In Mr B. and Pamela in the Summer House, while the characters’ body language recalls courtly dances, Pamela’s ruffled clothes and Mr B’s firm grip also suggest incipient sexual violence, apparently unnoticed by the passer-by glimpsed through the window. In the next scene, Pamela undresses for bed, Highmore laying her tender body out for the viewer’s consumption, lit by a single candle. The viewer’s more ambivalent moral position is reflected in the scene’s onlooker, Richardson’s villainous Mrs Jewkes, who watches from the corner, with glee. Pamela has not yet realised that Mr. B is in the bed, waiting for her.

Pamela tells a Nursery Tale, (c. 1744), Joseph Highmore, Fitzwilliam Museum, Cambridge

Pamela tells a Nursery Tale (c. 1744), Joseph Highmore. Fitzwilliam Museum, Cambridge

Mrs Elizabeth Birch and her daughter, (1741), Joseph Highmore

Mrs Elizabeth Birch and her daughter (1741), Joseph Highmore. Fitzwilliam Museum, Cambridge

Highmore insists on these onlookers, some of whom are merely neglectful, others actively harmful. They recall the parson at the beginning of Hogarth’s Harlot’s Progress, who doesn’t notice the naive Moll Hackabout talking to the bawd, Mother Needham. Yet they also contrast with those charitable figures, arriving or still wished-for, who intervene. Uninterested passers-by stalk the background of Highmore’s large-scale Good Samaritan (1744), a biblical subject that Mr. B. also has on his wall, in the first Pamela painting. He seems oblivious to its reflection on his servant’s vulnerability: her need for friends; her struggles to find them. Pamela ends with the heroine telling stories to a row of pink-cheeked children, but Highmore’s paintings suggest that an alternative, violent outcome was always possible.
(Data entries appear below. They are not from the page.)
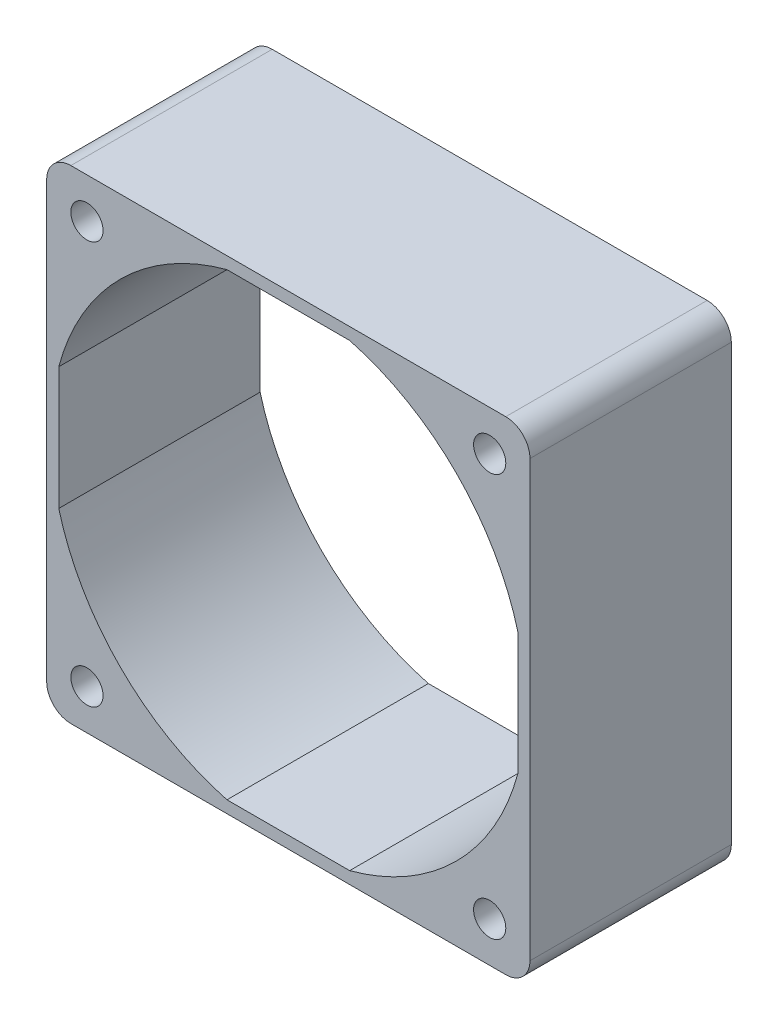
ISO-10303-21;
HEADER;
FILE_DESCRIPTION(('STEP AP214'),'2;1');
FILE_NAME('part.step','',(''),(''),'','','');
FILE_SCHEMA(('AUTOMOTIVE_DESIGN { 1 0 10303 214 1 1 1 1 }'));
ENDSEC;
DATA;
#1=APPLICATION_CONTEXT('core data for automotive mechanical design processes');
#2=APPLICATION_PROTOCOL_DEFINITION('international standard','automotive_design',2000,#1);
#3=PRODUCT_CONTEXT('',#1,'mechanical');
#4=PRODUCT('Part','Part','',(#3));
#5=PRODUCT_RELATED_PRODUCT_CATEGORY('part','',(#4));
#6=PRODUCT_DEFINITION_FORMATION('','',#4);
#7=PRODUCT_DEFINITION_CONTEXT('part definition',#1,'design');
#8=PRODUCT_DEFINITION('design','',#6,#7);
#9=PRODUCT_DEFINITION_SHAPE('','',#8);
#10=(LENGTH_UNIT() NAMED_UNIT(*) SI_UNIT(.MILLI.,.METRE.));
#11=(NAMED_UNIT(*) PLANE_ANGLE_UNIT() SI_UNIT($,.RADIAN.));
#12=(NAMED_UNIT(*) SI_UNIT($,.STERADIAN.) SOLID_ANGLE_UNIT());
#13=UNCERTAINTY_MEASURE_WITH_UNIT(LENGTH_MEASURE(1.E-05),#10,'distance_accuracy_value','');
#14=(GEOMETRIC_REPRESENTATION_CONTEXT(3) GLOBAL_UNCERTAINTY_ASSIGNED_CONTEXT((#13)) GLOBAL_UNIT_ASSIGNED_CONTEXT((#10,
#11,#12)) REPRESENTATION_CONTEXT('',''));
#15=CARTESIAN_POINT('',(0.,0.,0.));
#16=DIRECTION('',(0.,0.,1.));
#17=DIRECTION('',(1.,0.,0.));
#18=AXIS2_PLACEMENT_3D('',#15,#16,#17);
#19=CARTESIAN_POINT('',(-27.,-27.,25.));
#20=DIRECTION('',(0.,0.,-1.));
#21=DIRECTION('',(-1.,0.,0.));
#22=AXIS2_PLACEMENT_3D('',#19,#20,#21);
#23=PLANE('',#22);
#24=CARTESIAN_POINT('',(-27.,-27.,25.));
#25=DIRECTION('',(0.,0.,1.));
#26=DIRECTION('',(-1.,0.,0.));
#27=AXIS2_PLACEMENT_3D('',#24,#25,#26);
#28=CIRCLE('',#27,3.);
#29=CARTESIAN_POINT('',(-30.,-27.,25.));
#30=VERTEX_POINT('',#29);
#31=CARTESIAN_POINT('',(-27.,-30.,25.));
#32=VERTEX_POINT('',#31);
#33=EDGE_CURVE('E224',#30,#32,#28,.T.);
#34=ORIENTED_EDGE('',*,*,#33,.T.);
#35=DIRECTION('',(1.,0.,0.));
#36=VECTOR('',#35,1.);
#37=CARTESIAN_POINT('',(-27.,-30.,25.));
#38=LINE('',#37,#36);
#39=CARTESIAN_POINT('',(27.,-30.,25.));
#40=VERTEX_POINT('',#39);
#41=EDGE_CURVE('E227',#32,#40,#38,.T.);
#42=ORIENTED_EDGE('',*,*,#41,.T.);
#43=CARTESIAN_POINT('',(27.,-27.,25.));
#44=DIRECTION('',(0.,0.,1.));
#45=DIRECTION('',(1.,0.,0.));
#46=AXIS2_PLACEMENT_3D('',#43,#44,#45);
#47=CIRCLE('',#46,3.);
#48=CARTESIAN_POINT('',(30.,-27.,25.));
#49=VERTEX_POINT('',#48);
#50=EDGE_CURVE('E230',#40,#49,#47,.T.);
#51=ORIENTED_EDGE('',*,*,#50,.T.);
#52=DIRECTION('',(0.,1.,0.));
#53=VECTOR('',#52,1.);
#54=CARTESIAN_POINT('',(30.,27.,25.));
#55=LINE('',#54,#53);
#56=CARTESIAN_POINT('',(30.,27.,25.));
#57=VERTEX_POINT('',#56);
#58=EDGE_CURVE('E232',#49,#57,#55,.T.);
#59=ORIENTED_EDGE('',*,*,#58,.T.);
#60=CARTESIAN_POINT('',(27.,27.,25.));
#61=DIRECTION('',(0.,0.,1.));
#62=DIRECTION('',(1.,0.,0.));
#63=AXIS2_PLACEMENT_3D('',#60,#61,#62);
#64=CIRCLE('',#63,3.);
#65=CARTESIAN_POINT('',(27.,30.,25.));
#66=VERTEX_POINT('',#65);
#67=EDGE_CURVE('E234',#57,#66,#64,.T.);
#68=ORIENTED_EDGE('',*,*,#67,.T.);
#69=DIRECTION('',(-1.,0.,0.));
#70=VECTOR('',#69,1.);
#71=CARTESIAN_POINT('',(-27.,30.,25.));
#72=LINE('',#71,#70);
#73=CARTESIAN_POINT('',(-27.,30.,25.));
#74=VERTEX_POINT('',#73);
#75=EDGE_CURVE('E236',#66,#74,#72,.T.);
#76=ORIENTED_EDGE('',*,*,#75,.T.);
#77=CARTESIAN_POINT('',(-27.,27.,25.));
#78=DIRECTION('',(0.,0.,1.));
#79=DIRECTION('',(1.,0.,0.));
#80=AXIS2_PLACEMENT_3D('',#77,#78,#79);
#81=CIRCLE('',#80,3.);
#82=CARTESIAN_POINT('',(-30.,27.,25.));
#83=VERTEX_POINT('',#82);
#84=EDGE_CURVE('E238',#74,#83,#81,.T.);
#85=ORIENTED_EDGE('',*,*,#84,.T.);
#86=DIRECTION('',(0.,-1.,0.));
#87=VECTOR('',#86,1.);
#88=CARTESIAN_POINT('',(-30.,27.,25.));
#89=LINE('',#88,#87);
#90=EDGE_CURVE('E240',#83,#30,#89,.T.);
#91=ORIENTED_EDGE('',*,*,#90,.T.);
#92=EDGE_LOOP('',(#34,#42,#51,#59,#68,#76,#85,#91));
#93=FACE_BOUND('',#92,.T.);
#94=CARTESIAN_POINT('',(0.,0.,25.));
#95=DIRECTION('',(0.,0.,1.));
#96=DIRECTION('',(1.,0.,0.));
#97=AXIS2_PLACEMENT_3D('',#94,#95,#96);
#98=CIRCLE('',#97,29.5);
#99=CARTESIAN_POINT('',(7.61577310586391,-28.5,25.));
#100=VERTEX_POINT('',#99);
#101=CARTESIAN_POINT('',(28.5,-7.61577310586393,25.));
#102=VERTEX_POINT('',#101);
#103=EDGE_CURVE('E156',#100,#102,#98,.T.);
#104=ORIENTED_EDGE('',*,*,#103,.F.);
#105=DIRECTION('',(1.,0.,0.));
#106=VECTOR('',#105,1.);
#107=CARTESIAN_POINT('',(-7.61577310586391,-28.5,25.));
#108=LINE('',#107,#106);
#109=CARTESIAN_POINT('',(-7.6157731058639,-28.5,25.));
#110=VERTEX_POINT('',#109);
#111=EDGE_CURVE('E191',#110,#100,#108,.T.);
#112=ORIENTED_EDGE('',*,*,#111,.F.);
#113=CARTESIAN_POINT('',(0.,0.,25.));
#114=DIRECTION('',(0.,0.,1.));
#115=DIRECTION('',(1.,0.,0.));
#116=AXIS2_PLACEMENT_3D('',#113,#114,#115);
#117=CIRCLE('',#116,29.5);
#118=CARTESIAN_POINT('',(-28.5,-7.61577310586393,25.));
#119=VERTEX_POINT('',#118);
#120=EDGE_CURVE('E189',#119,#110,#117,.T.);
#121=ORIENTED_EDGE('',*,*,#120,.F.);
#122=DIRECTION('',(0.,-1.,0.));
#123=VECTOR('',#122,1.);
#124=CARTESIAN_POINT('',(-28.5,7.61577310586393,25.));
#125=LINE('',#124,#123);
#126=CARTESIAN_POINT('',(-28.5,7.61577310586393,25.));
#127=VERTEX_POINT('',#126);
#128=EDGE_CURVE('E187',#127,#119,#125,.T.);
#129=ORIENTED_EDGE('',*,*,#128,.F.);
#130=CARTESIAN_POINT('',(0.,0.,25.));
#131=DIRECTION('',(0.,0.,1.));
#132=DIRECTION('',(1.,0.,0.));
#133=AXIS2_PLACEMENT_3D('',#130,#131,#132);
#134=CIRCLE('',#133,29.5);
#135=CARTESIAN_POINT('',(-7.61577310586393,28.5,25.));
#136=VERTEX_POINT('',#135);
#137=EDGE_CURVE('E185',#136,#127,#134,.T.);
#138=ORIENTED_EDGE('',*,*,#137,.F.);
#139=DIRECTION('',(-1.,0.,0.));
#140=VECTOR('',#139,1.);
#141=CARTESIAN_POINT('',(-7.61577310586393,28.5,25.));
#142=LINE('',#141,#140);
#143=CARTESIAN_POINT('',(7.61577310586393,28.5,25.));
#144=VERTEX_POINT('',#143);
#145=EDGE_CURVE('E180',#144,#136,#142,.T.);
#146=ORIENTED_EDGE('',*,*,#145,.F.);
#147=CARTESIAN_POINT('',(0.,0.,25.));
#148=DIRECTION('',(0.,0.,1.));
#149=DIRECTION('',(1.,0.,0.));
#150=AXIS2_PLACEMENT_3D('',#147,#148,#149);
#151=CIRCLE('',#150,29.5);
#152=CARTESIAN_POINT('',(28.5,7.61577310586393,25.));
#153=VERTEX_POINT('',#152);
#154=EDGE_CURVE('E178',#153,#144,#151,.T.);
#155=ORIENTED_EDGE('',*,*,#154,.F.);
#156=DIRECTION('',(0.,1.,0.));
#157=VECTOR('',#156,1.);
#158=CARTESIAN_POINT('',(28.5,7.61577310586393,25.));
#159=LINE('',#158,#157);
#160=EDGE_CURVE('E164',#102,#153,#159,.T.);
#161=ORIENTED_EDGE('',*,*,#160,.F.);
#162=EDGE_LOOP('',(#104,#112,#121,#129,#138,#146,#155,#161));
#163=FACE_BOUND('',#162,.T.);
#164=CARTESIAN_POINT('',(-25.,25.,25.));
#165=DIRECTION('',(0.,0.,1.));
#166=DIRECTION('',(1.,0.,0.));
#167=AXIS2_PLACEMENT_3D('',#164,#165,#166);
#168=CIRCLE('',#167,2.);
#169=CARTESIAN_POINT('',(-23.,25.,25.));
#170=VERTEX_POINT('',#169);
#171=EDGE_CURVE('E194',#170,#170,#168,.T.);
#172=ORIENTED_EDGE('',*,*,#171,.F.);
#173=EDGE_LOOP('',(#172));
#174=FACE_BOUND('',#173,.T.);
#175=CARTESIAN_POINT('',(25.,25.,25.));
#176=DIRECTION('',(0.,0.,1.));
#177=DIRECTION('',(1.,0.,0.));
#178=AXIS2_PLACEMENT_3D('',#175,#176,#177);
#179=CIRCLE('',#178,2.);
#180=CARTESIAN_POINT('',(27.,25.,25.));
#181=VERTEX_POINT('',#180);
#182=EDGE_CURVE('E402',#181,#181,#179,.T.);
#183=ORIENTED_EDGE('',*,*,#182,.F.);
#184=EDGE_LOOP('',(#183));
#185=FACE_BOUND('',#184,.T.);
#186=CARTESIAN_POINT('',(25.,-25.,25.));
#187=DIRECTION('',(0.,0.,1.));
#188=DIRECTION('',(1.,0.,0.));
#189=AXIS2_PLACEMENT_3D('',#186,#187,#188);
#190=CIRCLE('',#189,2.);
#191=CARTESIAN_POINT('',(27.,-25.,25.));
#192=VERTEX_POINT('',#191);
#193=EDGE_CURVE('E396',#192,#192,#190,.T.);
#194=ORIENTED_EDGE('',*,*,#193,.F.);
#195=EDGE_LOOP('',(#194));
#196=FACE_BOUND('',#195,.T.);
#197=CARTESIAN_POINT('',(-25.,-25.,25.));
#198=DIRECTION('',(0.,0.,1.));
#199=DIRECTION('',(1.,0.,0.));
#200=AXIS2_PLACEMENT_3D('',#197,#198,#199);
#201=CIRCLE('',#200,2.00000000000001);
#202=CARTESIAN_POINT('',(-23.,-25.,25.));
#203=VERTEX_POINT('',#202);
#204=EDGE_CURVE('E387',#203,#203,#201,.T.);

The Angel of Mercy, (c. 1746), Joseph Highmore, Yale Center for British Art

The Angel of Mercy (c. 1746), Joseph Highmore. Yale Center for British Art

A tragic possibility, for a less fortunate serving girl, does indeed appear in his extraordinary Angel of Mercy. At its foundation by Thomas Coram in 1739, the Foundling Hospital sought to rid shallow graves of dead babies, and scaffolds and backstreets of infanticidal mothers. Highmore’s sketchlike composition shows one such, in a chiaroscuro-lit cave, with a ribbon for a murder weapon – a bitter reminder of Highmore’s adjacent portraits of happy motherhood, the glittering Mrs Elizabeth Birch and her Daughter (1741) and Mrs Sharpe and her Child (1731), where ribbons carry children’s coral toys, or bind garlands of marital flowers. The descending angel reflects the Hospital’s active intervention in such stories, in contrast to the dubious cloaked figure watching from the corner. Hogarth’s own depiction of the Hospital, The Foundlings, displayed nearby, shows a weeping mother slowly moving towards redemption, but Highmore’s angel is firm. Grasping the mother by the hand, he pulls her out from the shadows. Now, the Foundling Museum brings Highmore, too, into the light.

‘Basic Instincts’ is at the Foundling Museum, London, until 7 January 2018.